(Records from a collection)
BEGIN

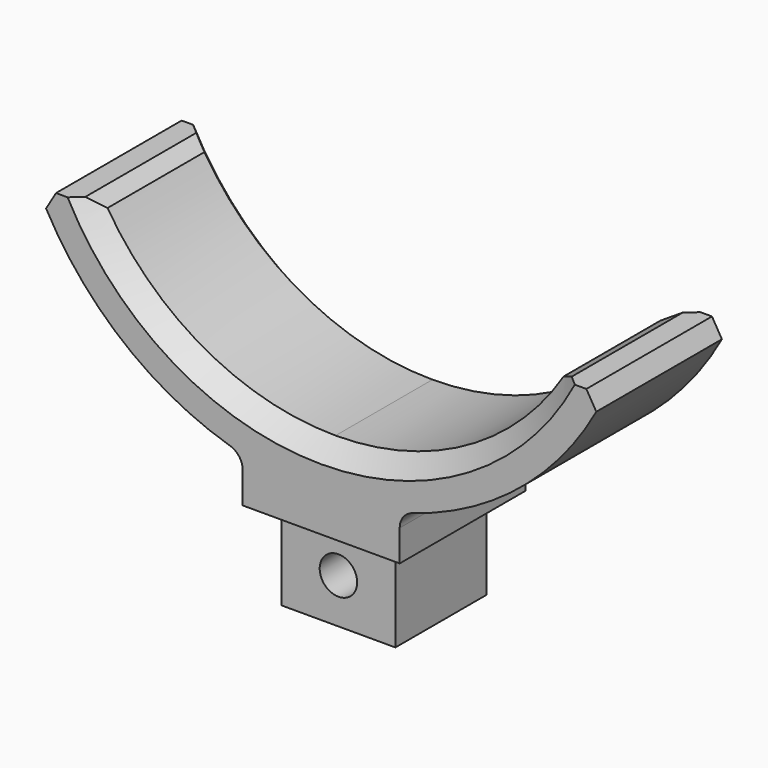
from build123d import *

# Parameters (mm, degrees)
F0_W        = 16.129
F0_H        = 25.4
F1_DEPTH    = 44.45
F2_W        = 32.258
F2_H        = 6.096
F3_DEPTH    = 25.4
F4_R        = 5.30225
F5_DEPTH    = 38.355
F6_R        = 5.08
F7_T1_DEPTH = 59.6994752683
F7_T4_ANGLE = 139.6602442287
F7_T6_ANGLE = 139.6602442287
F8_T1_DEPTH = 71.752763855


# Not quite as in the source:
# - a fillet or chamfer that OpenCascade refuses, or shapes differently, is made with other operations: its cross-section is extruded or revolved along the edge and cut away or added


with BuildPart() as f1:
    # F0 (on Front) → F1 (new body)
    with BuildSketch(Plane.XZ):
        with BuildLine():
            ThreePointArc((0, -76.2), (-38.1, -65.9911357684), (-65.9911357684, -38.1))
            Line((-65.9911357684, -38.1), (-80.3218525683, -38.1))
            ThreePointArc((-80.3218525683, -38.1), (-56.6075409411, -68.5477666201), (-22.225, -86.0770548695))
            Line((-22.225, -86.0770548695), (0, -86.0770548695))
            Line((0, -86.0770548695), (0, -76.2))
        make_face()
        with BuildLine():
            Line((80.3218525683, -38.1), (65.9911357684, -38.1))
            ThreePointArc((65.9911357684, -38.1), (38.1, -65.9911357684), (0, -76.2))
            Line((0, -76.2), (0, -86.0770548695))
            Line((0, -86.0770548695), (22.225, -86.0770548695))
            ThreePointArc((22.225, -86.0770548695), (56.6075409411, -68.5477666201), (80.3218525683, -38.1))
        make_face()
        with BuildLine():
            Line((22.225, -98.7770548695), (22.225, -86.0770548695))
            ThreePointArc((22.225, -86.0770548695), (11.2017816017, -88.1914399982), (0, -88.9))
            Line((0, -88.9), (0, -98.7770548695))
            Line((0, -98.7770548695), (16.129, -98.7770548695))
            Line((16.129, -98.7770548695), (22.225, -98.7770548695))
        make_face()
        with BuildLine():
            ThreePointArc((0, -88.9), (-11.2017816017, -88.1914399982), (-22.225, -86.0770548695))
            Line((-22.225, -86.0770548695), (-22.225, -98.7770548695))
            Line((-22.225, -98.7770548695), (-16.129, -98.7770548695))
            Line((-16.129, -98.7770548695), (0, -98.7770548695))
            Line((0, -98.7770548695), (0, -88.9))
        make_face()
        with Locations((8.0645, -111.4770548695)):
            Rectangle(F0_W, F0_H)
        with Locations((-8.0645, -111.4770548695)):
            Rectangle(F0_W, F0_H)
        with BuildLine():
            Line((22.225, -86.0770548695), (0, -86.0770548695))
            Line((0, -86.0770548695), (0, -88.9))
            ThreePointArc((0, -88.9), (11.2017816017, -88.1914399982), (22.225, -86.0770548695))
        make_face()
        with BuildLine():
            Line((0, -88.9), (0, -86.0770548695))
            Line((0, -86.0770548695), (-22.225, -86.0770548695))
            ThreePointArc((-22.225, -86.0770548695), (-11.2017816017, -88.1914399982), (0, -88.9))
        make_face()
    extrude(amount=F1_DEPTH)

    # F2 (on face) → F3 (cut)
    with BuildSketch(Plane(origin=(0, 0, -124.1770548695), x_dir=(1, 0, 0), z_dir=(0, 0, -1))):
        with Locations((0, 41.402)):
            Rectangle(F2_W, F2_H)
        with Locations((0, 3.048)):
            Rectangle(F2_W, F2_H)
    extrude(amount=-F3_DEPTH, mode=Mode.SUBTRACT)

    # F4 (on face) → F5 (cut, through all)
    with BuildSketch(Plane.XZ.offset(38.354)):
        with Locations((0, -111.4770548695)):
            Circle(F4_R)
    extrude(amount=-F5_DEPTH, mode=Mode.SUBTRACT)

    # F6
    f6_edges = [f1.edges().sort_by_distance(p)[0] for p in [
        (-22.225, -22.225, -86.077055),
        (22.225, -22.225, -86.077055),
    ]]
    fillet(f6_edges, radius=F6_R)

    # F7: chamfer of 5.08 on 4 edges, made by hand

    # F7_s2 → F7_t1 (cut)
    with BuildSketch(Plane.XZ.offset(-7.6247376341)):
        with BuildLine():
            Line((-68.8616438956, -38.1), (-64.5577911521, -40.48125))
            ThreePointArc((-64.5577911521, -40.48125), (-65.2398633811, -39.3725821609), (-65.9911357684, -38.1))
            Line((-65.9911357684, -38.1), (-68.8616438956, -38.1))
        make_face()
        with BuildLine():
            Line((64.5577911521, -40.48125), (68.8616438956, -38.1))
            Line((68.8616438956, -38.1), (65.9911357684, -38.1))
            ThreePointArc((65.9911357684, -38.1), (65.2398633811, -39.3725821609), (64.5577911521, -40.48125))
        make_face()
    extrude(amount=F7_T1_DEPTH, mode=Mode.SUBTRACT)

    # F7_s3 → F7_t4 (revolve, cut)
    with BuildSketch(Plane(origin=(0, 0, 0), x_dir=(0, 1, 0), z_dir=(0.3448047573, 0, 0.9386744267))):
        Polygon((-44.45, -81.28), (-39.37, -76.2), (-44.45, -76.2), align=None)
    revolve(axis=Axis((0, -44.45, 0), (0, 1, 0)), revolution_arc=F7_T4_ANGLE, mode=Mode.SUBTRACT)

    # F7_s5 → F7_t6 (revolve, cut)
    with BuildSketch(Plane(origin=(0, 0, 0), x_dir=(0, 1, 0), z_dir=(0.3448047573, 0, 0.9386744267))):
        Polygon((0, -81.28), (-5.08, -76.2), (0, -76.2), align=None)
    revolve(axis=Axis((0, 0, 0), (0, 1, 0)), revolution_arc=F7_T6_ANGLE, mode=Mode.SUBTRACT)

    # F8: chamfer of 5.08 on 2 edges, made by hand

    # F8_s2 → F8_t1 (cut)
    with BuildSketch(Plane.XZ.offset(-13.6513819275)):
        with BuildLine():
            Line((74.966768006, -37.9250746392), (77.988352908, -43.0368427057))
            Line((77.988352908, -43.0368427057), (78.0773642839, -43.0858277541))
            ThreePointArc((78.0773642839, -43.0858277541), (79.2049019091, -40.5939443284), (80.4136489712, -38.1435428571))
            Line((80.4136489712, -38.1435428571), (80.3218525683, -37.9984))
            ThreePointArc((80.3218525683, -37.9984), (77.6443102871, -37.9984), (74.966768006, -37.8234746392))
            Line((74.966768006, -37.8234746392), (74.966768006, -37.9250746392))
        make_face()
        with BuildLine():
            Line((-77.988352908, -43.0368427057), (-74.966768006, -37.9250746392))
            Line((-74.966768006, -37.9250746392), (-74.966768006, -37.8234746392))
            ThreePointArc((-74.966768006, -37.8234746392), (-77.6443102871, -37.9984), (-80.3218525683, -37.9984))
            Line((-80.3218525683, -37.9984), (-80.4136489712, -38.1435428571))
            ThreePointArc((-80.4136489712, -38.1435428571), (-79.2049019091, -40.5939443284), (-78.0773642839, -43.0858277541))
            Line((-78.0773642839, -43.0858277541), (-77.988352908, -43.0368427057))
        make_face()
    extrude(amount=F8_T1_DEPTH, mode=Mode.SUBTRACT)


solid = f1.part

END

## Exercise requirements:
Each line from the one that includes "-37.9250746392), (-74.966768006, -37.8234746392))" down to the close of the records above is to be given again exactly, and no other line is to appear.

## Answer space:
            Line((-74.966768006, -37.9250746392), (-74.966768006, -37.8234746392))
            ThreePointArc((-74.966768006, -37.8234746392), (-77.6443102871, -37.9984), (-80.3218525683, -37.9984))
            Line((-80.3218525683, -37.9984), (-80.4136489712, -38.1435428571))
            ThreePointArc((-80.4136489712, -38.1435428571), (-79.2049019091, -40.5939443284), (-78.0773642839, -43.0858277541))
            Line((-78.0773642839, -43.0858277541), (-77.988352908, -43.0368427057))
        make_face()
    extrude(amount=F8_T1_DEPTH, mode=Mode.SUBTRACT)


solid = f1.part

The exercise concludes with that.